Open Source

NVIDIA admits to only 2x performance boost at max throughput with new generation of Rubin GPUs

NVIDIA's next-gen Rubin GPUs show just a 2x speedup in production workloads, raising efficiency concerns.

Deep Dive

NVIDIA has provided a more grounded performance expectation for its next-generation Rubin AI GPUs, revealing that the R200 chip will deliver only about a 2x throughput increase over the current flagship Blackwell B200 in maximum production workloads. This admission comes as the company moves to more direct "apples-to-apples" comparisons, contrasting chips with similar memory configurations rather than the previous practice of comparing an 80GB HBM3e Blackwell chip against a 288GB HBM3e Rubin chip. The 2x figure represents the real-world gain for the vast majority of companies running data centers at full utilization.

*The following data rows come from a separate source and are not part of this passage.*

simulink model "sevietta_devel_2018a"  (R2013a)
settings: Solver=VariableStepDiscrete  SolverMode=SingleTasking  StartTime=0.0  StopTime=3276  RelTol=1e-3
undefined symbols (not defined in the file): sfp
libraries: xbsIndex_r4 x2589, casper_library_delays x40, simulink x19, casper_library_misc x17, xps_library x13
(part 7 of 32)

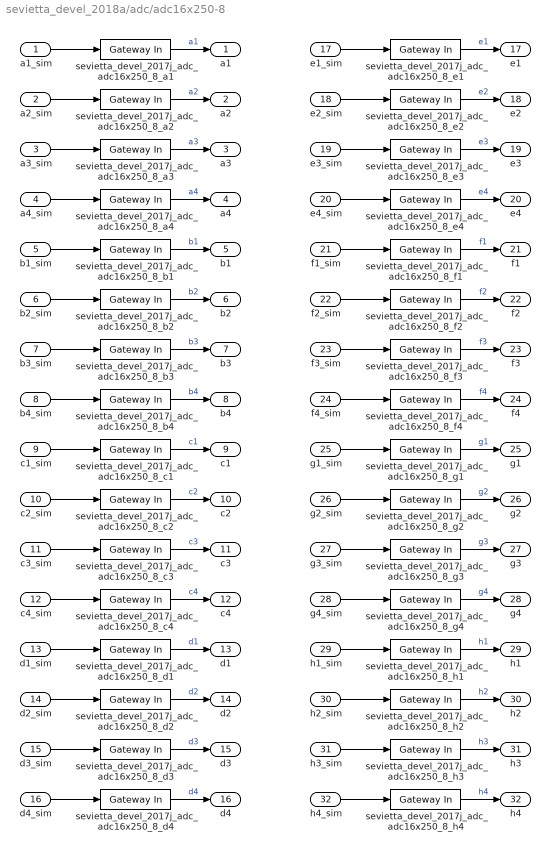
== system sevietta_devel_2018a/adc/adc16x250-8 ==
  a1_sim : Inport
  a2_sim : Inport  Port=2
  a3_sim : Inport  Port=3
  a4_sim : Inport  Port=4
  b1_sim : Inport  Port=5
  b2_sim : Inport  Port=6
  b3_sim : Inport  Port=7
  b4_sim : Inport  Port=8
  c1_sim : Inport  Port=9
  c2_sim : Inport  Port=10
  c3_sim : Inport  Port=11
  c4_sim : Inport  Port=12
  d1_sim : Inport  Port=13
  d2_sim : Inport  Port=14
  d3_sim : Inport  Port=15
  d4_sim : Inport  Port=16
  e1_sim : Inport  Port=17
  e2_sim : Inport  Port=18
  e3_sim : Inport  Port=19
  e4_sim : Inport  Port=20
  f1_sim : Inport  Port=21
  f2_sim : Inport  Port=22
  f3_sim : Inport  Port=23
  f4_sim : Inport  Port=24
  g1_sim : Inport  Port=25
  g2_sim : Inport  Port=26
  g3_sim : Inport  Port=27
  g4_sim : Inport  Port=28
  h1_sim : Inport  Port=29
  h2_sim : Inport  Port=30
  h3_sim : Inport  Port=31
  h4_sim : Inport  Port=32
  sevietta_devel_2017j_adc_adc16x250_8_a{1..4} (4 alike) : xbsIndex_r4/Gateway In  gui_display_data_type=Fixed-point  arith_type="Signed  (2's comp)"  n_bits=8  bin_pt=7  preci_type=Single  exp_width=8  frac_width=24  quantization="Round  (unbiased: +/- Inf)"  overflow=Saturate  period=1  dbl_ovrd=off  timing_constraint=None  locs_specified=off  LOCs={}  UseAsADC=off  ADCChannel='1'  inherit_from_input=off  hdl_port=on  block_type=gatewayin
  sevietta_devel_2017j_adc_adc16x250_8_b{1..4} (4 alike) : xbsIndex_r4/Gateway In  gui_display_data_type=Fixed-point  arith_type="Signed  (2's comp)"  n_bits=8  bin_pt=7  preci_type=Single  exp_width=8  frac_width=24  quantization="Round  (unbiased: +/- Inf)"  overflow=Saturate  period=1  dbl_ovrd=off  timing_constraint=None  locs_specified=off  LOCs={}  UseAsADC=off  ADCChannel='1'  inherit_from_input=off  hdl_port=on  block_type=gatewayin
  sevietta_devel_2017j_adc_adc16x250_8_c{1..4} (4 alike) : xbsIndex_r4/Gateway In  gui_display_data_type=Fixed-point  arith_type="Signed  (2's comp)"  n_bits=8  bin_pt=7  preci_type=Single  exp_width=8  frac_width=24  quantization="Round  (unbiased: +/- Inf)"  overflow=Saturate  period=1  dbl_ovrd=off  timing_constraint=None  locs_specified=off  LOCs={}  UseAsADC=off  ADCChannel='1'  inherit_from_input=off  hdl_port=on  block_type=gatewayin
  sevietta_devel_2017j_adc_adc16x250_8_d{1..4} (4 alike) : xbsIndex_r4/Gateway In  gui_display_data_type=Fixed-point  arith_type="Signed  (2's comp)"  n_bits=8  bin_pt=7  preci_type=Single  exp_width=8  frac_width=24  quantization="Round  (unbiased: +/- Inf)"  overflow=Saturate  period=1  dbl_ovrd=off  timing_constraint=None  locs_specified=off  LOCs={}  UseAsADC=off  ADCChannel='1'  inherit_from_input=off  hdl_port=on  block_type=gatewayin
  sevietta_devel_2017j_adc_adc16x250_8_e{1..4} (4 alike) : xbsIndex_r4/Gateway In  gui_display_data_type=Fixed-point  arith_type="Signed  (2's comp)"  n_bits=8  bin_pt=7  preci_type=Single  exp_width=8  frac_width=24  quantization="Round  (unbiased: +/- Inf)"  overflow=Saturate  period=1  dbl_ovrd=off  timing_constraint=None  locs_specified=off  LOCs={}  UseAsADC=off  ADCChannel='1'  inherit_from_input=off  hdl_port=on  block_type=gatewayin
  sevietta_devel_2017j_adc_adc16x250_8_f{1..4} (4 alike) : xbsIndex_r4/Gateway In  gui_display_data_type=Fixed-point  arith_type="Signed  (2's comp)"  n_bits=8  bin_pt=7  preci_type=Single  exp_width=8  frac_width=24  quantization="Round  (unbiased: +/- Inf)"  overflow=Saturate  period=1  dbl_ovrd=off  timing_constraint=None  locs_specified=off  LOCs={}  UseAsADC=off  ADCChannel='1'  inherit_from_input=off  hdl_port=on  block_type=gatewayin
  sevietta_devel_2017j_adc_adc16x250_8_g{1..4} (4 alike) : xbsIndex_r4/Gateway In  gui_display_data_type=Fixed-point  arith_type="Signed  (2's comp)"  n_bits=8  bin_pt=7  preci_type=Single  exp_width=8  frac_width=24  quantization="Round  (unbiased: +/- Inf)"  overflow=Saturate  period=1  dbl_ovrd=off  timing_constraint=None  locs_specified=off  LOCs={}  UseAsADC=off  ADCChannel='1'  inherit_from_input=off  hdl_port=on  block_type=gatewayin
  sevietta_devel_2017j_adc_adc16x250_8_h{1..4} (4 alike) : xbsIndex_r4/Gateway In  gui_display_data_type=Fixed-point  arith_type="Signed  (2's comp)"  n_bits=8  bin_pt=7  preci_type=Single  exp_width=8  frac_width=24  quantization="Round  (unbiased: +/- Inf)"  overflow=Saturate  period=1  dbl_ovrd=off  timing_constraint=None  locs_specified=off  LOCs={}  UseAsADC=off  ADCChannel='1'  inherit_from_input=off  hdl_port=on  block_type=gatewayin
  a1 : Outport
  a2 : Outport  Port=2
  a3 : Outport  Port=3
  a4 : Outport  Port=4
  b1 : Outport  Port=5
  b2 : Outport  Port=6
  b3 : Outport  Port=7
  b4 : Outport  Port=8
  c1 : Outport  Port=9
  c2 : Outport  Port=10
  c3 : Outport  Port=11
  c4 : Outport  Port=12
  d1 : Outport  Port=13
  d2 : Outport  Port=14
  d3 : Outport  Port=15
  d4 : Outport  Port=16
  e1 : Outport  Port=17
  e2 : Outport  Port=18
  e3 : Outport  Port=19
  e4 : Outport  Port=20
  f1 : Outport  Port=21
  f2 : Outport  Port=22
  f3 : Outport  Port=23
  f4 : Outport  Port=24
  g1 : Outport  Port=25
  g2 : Outport  Port=26
  g3 : Outport  Port=27
  g4 : Outport  Port=28
  h1 : Outport  Port=29
  h2 : Outport  Port=30
  h3 : Outport  Port=31
  h4 : Outport  Port=32
  wires:
  a1_sim/1 -> sevietta_devel_2017j_adc_adc16x250_8_a1/1
  sevietta_devel_2017j_adc_adc16x250_8_a1/1 -> a1/1  "a1"
  a2_sim/1 -> sevietta_devel_2017j_adc_adc16x250_8_a2/1
  sevietta_devel_2017j_adc_adc16x250_8_a2/1 -> a2/1  "a2"
  a3_sim/1 -> sevietta_devel_2017j_adc_adc16x250_8_a3/1
  sevietta_devel_2017j_adc_adc16x250_8_a3/1 -> a3/1  "a3"
  a4_sim/1 -> sevietta_devel_2017j_adc_adc16x250_8_a4/1
  sevietta_devel_2017j_adc_adc16x250_8_a4/1 -> a4/1  "a4"
  b1_sim/1 -> sevietta_devel_2017j_adc_adc16x250_8_b1/1
  sevietta_devel_2017j_adc_adc16x250_8_b1/1 -> b1/1  "b1"
  b2_sim/1 -> sevietta_devel_2017j_adc_adc16x250_8_b2/1
  sevietta_devel_2017j_adc_adc16x250_8_b2/1 -> b2/1  "b2"
  b3_sim/1 -> sevietta_devel_2017j_adc_adc16x250_8_b3/1
  sevietta_devel_2017j_adc_adc16x250_8_b3/1 -> b3/1  "b3"
  b4_sim/1 -> sevietta_devel_2017j_adc_adc16x250_8_b4/1
  sevietta_devel_2017j_adc_adc16x250_8_b4/1 -> b4/1  "b4"
  c1_sim/1 -> sevietta_devel_2017j_adc_adc16x250_8_c1/1
  sevietta_devel_2017j_adc_adc16x250_8_c1/1 -> c1/1  "c1"
  c2_sim/1 -> sevietta_devel_2017j_adc_adc16x250_8_c2/1
  sevietta_devel_2017j_adc_adc16x250_8_c2/1 -> c2/1  "c2"
  c3_sim/1 -> sevietta_devel_2017j_adc_adc16x250_8_c3/1
  sevietta_devel_2017j_adc_adc16x250_8_c3/1 -> c3/1  "c3"
  c4_sim/1 -> sevietta_devel_2017j_adc_adc16x250_8_c4/1
  sevietta_devel_2017j_adc_adc16x250_8_c4/1 -> c4/1  "c4"
  d1_sim/1 -> sevietta_devel_2017j_adc_adc16x250_8_d1/1
  sevietta_devel_2017j_adc_adc16x250_8_d1/1 -> d1/1  "d1"
  d2_sim/1 -> sevietta_devel_2017j_adc_adc16x250_8_d2/1
  sevietta_devel_2017j_adc_adc16x250_8_d2/1 -> d2/1  "d2"
  d3_sim/1 -> sevietta_devel_2017j_adc_adc16x250_8_d3/1
  sevietta_devel_2017j_adc_adc16x250_8_d3/1 -> d3/1  "d3"
  d4_sim/1 -> sevietta_devel_2017j_adc_adc16x250_8_d4/1
  sevietta_devel_2017j_adc_adc16x250_8_d4/1 -> d4/1  "d4"
  e1_sim/1 -> sevietta_devel_2017j_adc_adc16x250_8_e1/1
  sevietta_devel_2017j_adc_adc16x250_8_e1/1 -> e1/1  "e1"
  e2_sim/1 -> sevietta_devel_2017j_adc_adc16x250_8_e2/1
  sevietta_devel_2017j_adc_adc16x250_8_e2/1 -> e2/1  "e2"
  e3_sim/1 -> sevietta_devel_2017j_adc_adc16x250_8_e3/1
  sevietta_devel_2017j_adc_adc16x250_8_e3/1 -> e3/1  "e3"
  e4_sim/1 -> sevietta_devel_2017j_adc_adc16x250_8_e4/1
  sevietta_devel_2017j_adc_adc16x250_8_e4/1 -> e4/1  "e4"
  f1_sim/1 -> sevietta_devel_2017j_adc_adc16x250_8_f1/1
  sevietta_devel_2017j_adc_adc16x250_8_f1/1 -> f1/1  "f1"
  f2_sim/1 -> sevietta_devel_2017j_adc_adc16x250_8_f2/1
  sevietta_devel_2017j_adc_adc16x250_8_f2/1 -> f2/1  "f2"
  f3_sim/1 -> sevietta_devel_2017j_adc_adc16x250_8_f3/1
  sevietta_devel_2017j_adc_adc16x250_8_f3/1 -> f3/1  "f3"
  f4_sim/1 -> sevietta_devel_2017j_adc_adc16x250_8_f4/1
  sevietta_devel_2017j_adc_adc16x250_8_f4/1 -> f4/1  "f4"
  g1_sim/1 -> sevietta_devel_2017j_adc_adc16x250_8_g1/1
  sevietta_devel_2017j_adc_adc16x250_8_g1/1 -> g1/1  "g1"
  g2_sim/1 -> sevietta_devel_2017j_adc_adc16x250_8_g2/1
  sevietta_devel_2017j_adc_adc16x250_8_g2/1 -> g2/1  "g2"
  g3_sim/1 -> sevietta_devel_2017j_adc_adc16x250_8_g3/1
  sevietta_devel_2017j_adc_adc16x250_8_g3/1 -> g3/1  "g3"
  g4_sim/1 -> sevietta_devel_2017j_adc_adc16x250_8_g4/1
  sevietta_devel_2017j_adc_adc16x250_8_g4/1 -> g4/1  "g4"
  h1_sim/1 -> sevietta_devel_2017j_adc_adc16x250_8_h1/1
  sevietta_devel_2017j_adc_adc16x250_8_h1/1 -> h1/1  "h1"
  h2_sim/1 -> sevietta_devel_2017j_adc_adc16x250_8_h2/1
  sevietta_devel_2017j_adc_adc16x250_8_h2/1 -> h2/1  "h2"
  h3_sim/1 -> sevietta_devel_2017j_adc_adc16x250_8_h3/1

Despite the Rubin architecture's impressive theoretical specs—including nearly 3x the memory bandwidth and approximately 5x the FP4 performance—these improvements translate to a more modest doubling of output. This performance uplift comes with a significant power cost: the R200 has a Thermal Design Power (TDP) of 2300W, compared to the B200's 1000W. This means data centers would use 2.3x more power per GPU to achieve 2x the performance, raising immediate questions about the generation's power efficiency and total cost of ownership for large-scale AI training and inference clusters.

Key Points
  • NVIDIA's Rubin R200 offers only a 2x throughput boost over Blackwell B200 in max production workloads.
  • The chip requires 2300W TDP (2.3x B200's power) for that gain, highlighting potential efficiency concerns.
  • The company is now comparing similar memory configs, moving away from misleading 80GB vs. 288GB benchmarks.

Why It Matters

For AI companies, this sets realistic expectations for data center upgrades and highlights rising power costs as a critical bottleneck.